WHAT TO WORK ON: Each record that follows goes into your reply unchanged; the pictures do not.

RECORDED INFORMATION:
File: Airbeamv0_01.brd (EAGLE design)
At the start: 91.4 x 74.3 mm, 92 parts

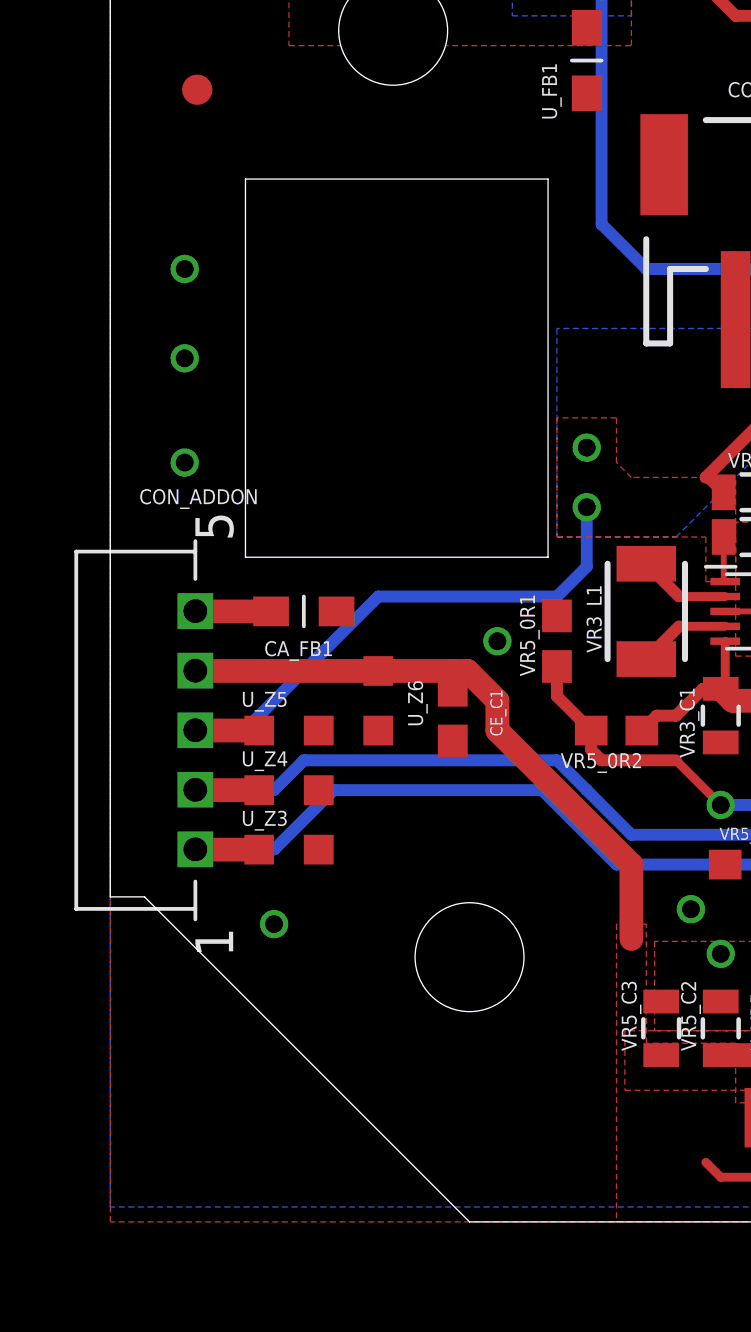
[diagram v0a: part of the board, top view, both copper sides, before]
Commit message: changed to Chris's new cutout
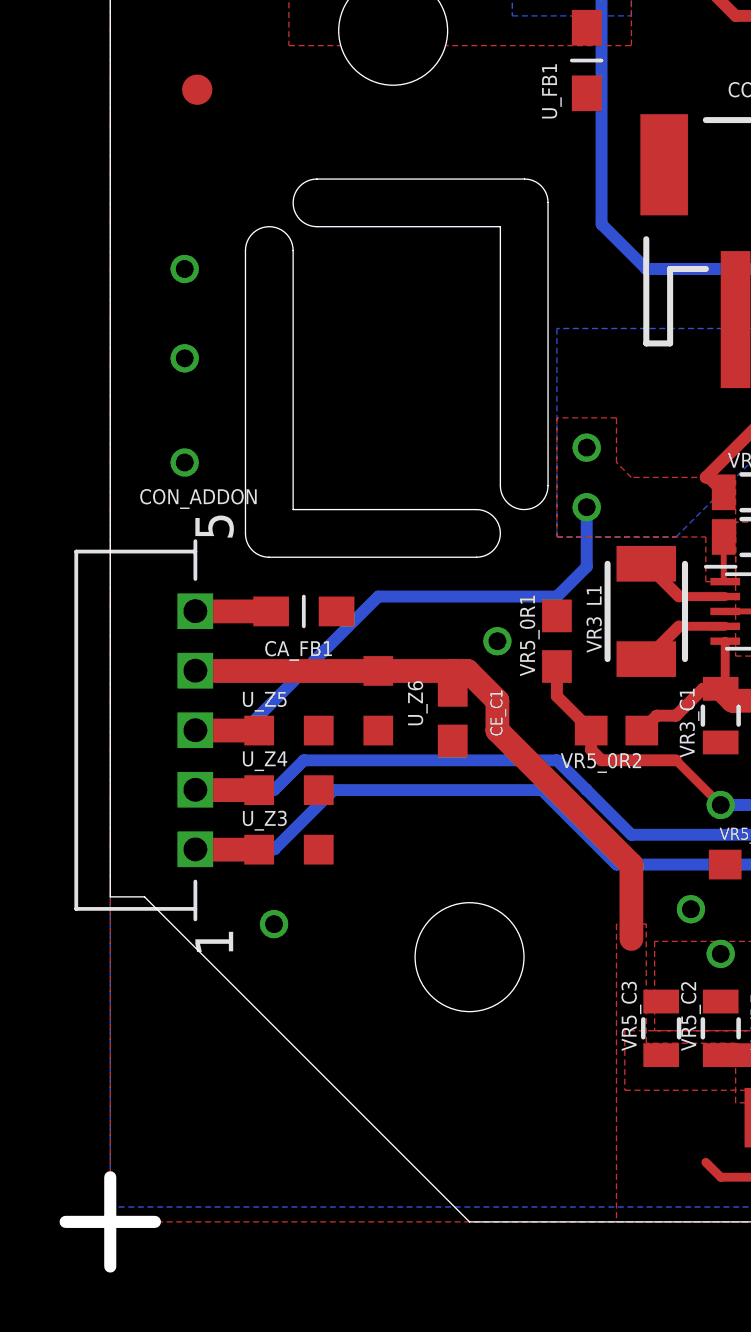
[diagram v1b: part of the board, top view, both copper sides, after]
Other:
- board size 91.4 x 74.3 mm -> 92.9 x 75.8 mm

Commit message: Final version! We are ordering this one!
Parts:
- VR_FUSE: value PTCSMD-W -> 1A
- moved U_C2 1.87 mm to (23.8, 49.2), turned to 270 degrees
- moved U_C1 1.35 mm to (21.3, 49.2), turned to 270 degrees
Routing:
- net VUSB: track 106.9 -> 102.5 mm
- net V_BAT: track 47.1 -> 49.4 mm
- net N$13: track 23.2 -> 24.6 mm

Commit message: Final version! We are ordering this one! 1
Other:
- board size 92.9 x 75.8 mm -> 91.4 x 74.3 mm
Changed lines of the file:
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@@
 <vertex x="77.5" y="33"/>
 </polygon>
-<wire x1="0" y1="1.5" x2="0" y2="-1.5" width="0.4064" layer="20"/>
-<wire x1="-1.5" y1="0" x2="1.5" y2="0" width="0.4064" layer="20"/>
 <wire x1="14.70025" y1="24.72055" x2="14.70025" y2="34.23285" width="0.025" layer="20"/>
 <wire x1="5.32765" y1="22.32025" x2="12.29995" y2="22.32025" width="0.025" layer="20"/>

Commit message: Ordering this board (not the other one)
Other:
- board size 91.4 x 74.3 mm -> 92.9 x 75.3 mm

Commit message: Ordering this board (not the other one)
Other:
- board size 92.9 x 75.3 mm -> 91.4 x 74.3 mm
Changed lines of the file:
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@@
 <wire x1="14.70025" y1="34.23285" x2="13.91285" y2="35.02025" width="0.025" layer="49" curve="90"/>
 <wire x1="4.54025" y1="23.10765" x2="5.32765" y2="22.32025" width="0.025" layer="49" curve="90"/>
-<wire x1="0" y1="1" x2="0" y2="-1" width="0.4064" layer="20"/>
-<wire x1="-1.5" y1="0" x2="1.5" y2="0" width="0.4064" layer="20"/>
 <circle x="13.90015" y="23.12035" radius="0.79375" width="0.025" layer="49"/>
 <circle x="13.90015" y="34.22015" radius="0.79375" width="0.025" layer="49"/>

EXERCISE ANSWER:
File: Airbeamv0_01.brd (EAGLE design)
At the start: 91.4 x 74.3 mm, 92 parts

[diagram v0a: part of the board, top view, both copper sides, before]
Commit message: changed to Chris's new cutout
[diagram v1b: part of the board, top view, both copper sides, after]
Other:
- board size 91.4 x 74.3 mm -> 92.9 x 75.8 mm

Commit message: Final version! We are ordering this one!
Parts:
- VR_FUSE: value PTCSMD-W -> 1A
- moved U_C2 1.87 mm to (23.8, 49.2), turned to 270 degrees
- moved U_C1 1.35 mm to (21.3, 49.2), turned to 270 degrees
Routing:
- net VUSB: track 106.9 -> 102.5 mm
- net V_BAT: track 47.1 -> 49.4 mm
- net N$13: track 23.2 -> 24.6 mm

Commit message: Final version! We are ordering this one! 1
Other:
- board size 92.9 x 75.8 mm -> 91.4 x 74.3 mm
Changed lines of the file:
@@
 <vertex x="77.5" y="33"/>
 </polygon>
-<wire x1="0" y1="1.5" x2="0" y2="-1.5" width="0.4064" layer="20"/>
-<wire x1="-1.5" y1="0" x2="1.5" y2="0" width="0.4064" layer="20"/>
 <wire x1="14.70025" y1="24.72055" x2="14.70025" y2="34.23285" width="0.025" layer="20"/>
 <wire x1="5.32765" y1="22.32025" x2="12.29995" y2="22.32025" width="0.025" layer="20"/>

Commit message: Ordering this board (not the other one)
Other:
- board size 91.4 x 74.3 mm -> 92.9 x 75.3 mm

Commit message: Ordering this board (not the other one)
Other:
- board size 92.9 x 75.3 mm -> 91.4 x 74.3 mm
Changed lines of the file:
@@
 <wire x1="14.70025" y1="34.23285" x2="13.91285" y2="35.02025" width="0.025" layer="49" curve="90"/>
 <wire x1="4.54025" y1="23.10765" x2="5.32765" y2="22.32025" width="0.025" layer="49" curve="90"/>
-<wire x1="0" y1="1" x2="0" y2="-1" width="0.4064" layer="20"/>
-<wire x1="-1.5" y1="0" x2="1.5" y2="0" width="0.4064" layer="20"/>
 <circle x="13.90015" y="23.12035" radius="0.79375" width="0.025" layer="49"/>
 <circle x="13.90015" y="34.22015" radius="0.79375" width="0.025" layer="49"/>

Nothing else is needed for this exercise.